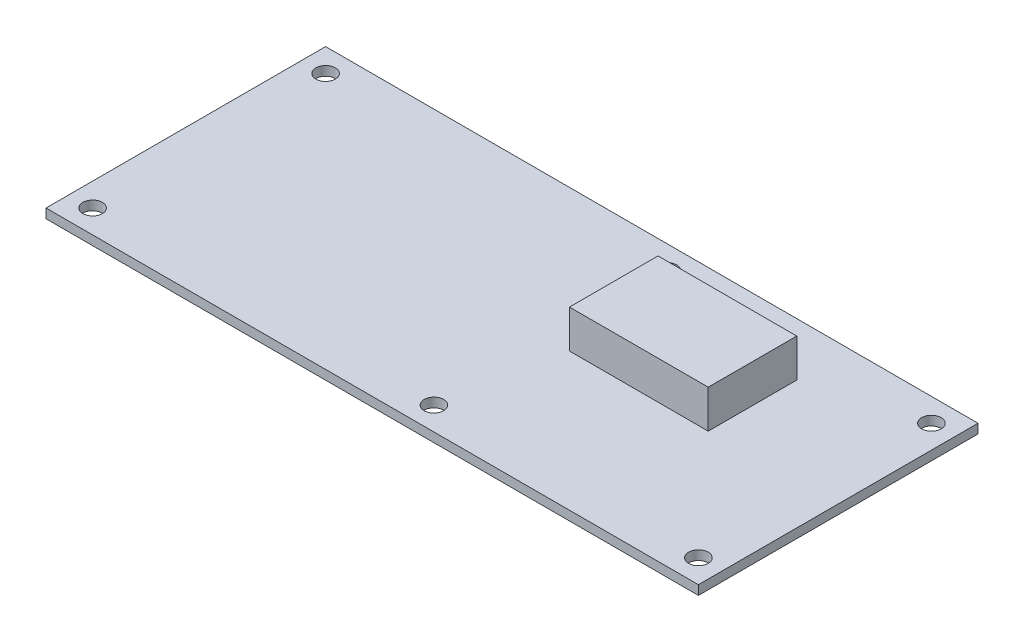
from build123d import *

# Parameters (mm, degrees)
SKETCH1_W           = 140
SKETCH1_H           = 60
SKETCH1_R           = 2.0955
BOSS_EXTRUDE1_DEPTH = 2
SKETCH2_W           = 29.777089478
SKETCH2_H           = 19.000212295
BOSS_EXTRUDE2_DEPTH = 8.174


with BuildPart() as part:
    # Sketch1 → Boss-Extrude1 (new body)
    with BuildSketch(Plane(origin=(0, 0, 0), x_dir=(1, 0, 0), z_dir=(0, 1, 0))):
        with Locations((-8.25, 0)):
            Rectangle(SKETCH1_W, SKETCH1_H)
        with Locations(Location((-73.25, 25, 0), (0, 0, 270))):
            Circle(SKETCH1_R, mode=Mode.SUBTRACT)
        with Locations(Location((-73.25, -25, 0), (0, 0, 270))):
            Circle(SKETCH1_R, mode=Mode.SUBTRACT)
        with Locations(Location((0, 25, 0), (0, 0, 270))):
            Circle(SKETCH1_R, mode=Mode.SUBTRACT)
        with Locations(Location((0, -25, 0), (0, 0, 270))):
            Circle(SKETCH1_R, mode=Mode.SUBTRACT)
        with Locations(Location((56.75, 25, 0), (0, 0, 270))):
            Circle(SKETCH1_R, mode=Mode.SUBTRACT)
        with Locations(Location((56.75, -25, 0), (0, 0, 270))):
            Circle(SKETCH1_R, mode=Mode.SUBTRACT)
    extrude(amount=BOSS_EXTRUDE1_DEPTH)

    # Sketch2 → Boss-Extrude2 (add)
    with BuildSketch(Plane(origin=(0, 2, 0), x_dir=(1, 0, 0), z_dir=(0, 1, 0))):
        with Locations((19.386769675, 9.085304713)):
            Rectangle(SKETCH2_W, SKETCH2_H)
    extrude(amount=BOSS_EXTRUDE2_DEPTH)


solid = part.part

::::::::

### Task item
In the data above, please extract the lines from the first one through the line with "BOSS_EXTRUDE2_DEPTH = 8.174", exactly, and keep pictures out.

### Answer section
from build123d import *

# Parameters (mm, degrees)
SKETCH1_W           = 140
SKETCH1_H           = 60
SKETCH1_R           = 2.0955
BOSS_EXTRUDE1_DEPTH = 2
SKETCH2_W           = 29.777089478
SKETCH2_H           = 19.000212295
BOSS_EXTRUDE2_DEPTH = 8.174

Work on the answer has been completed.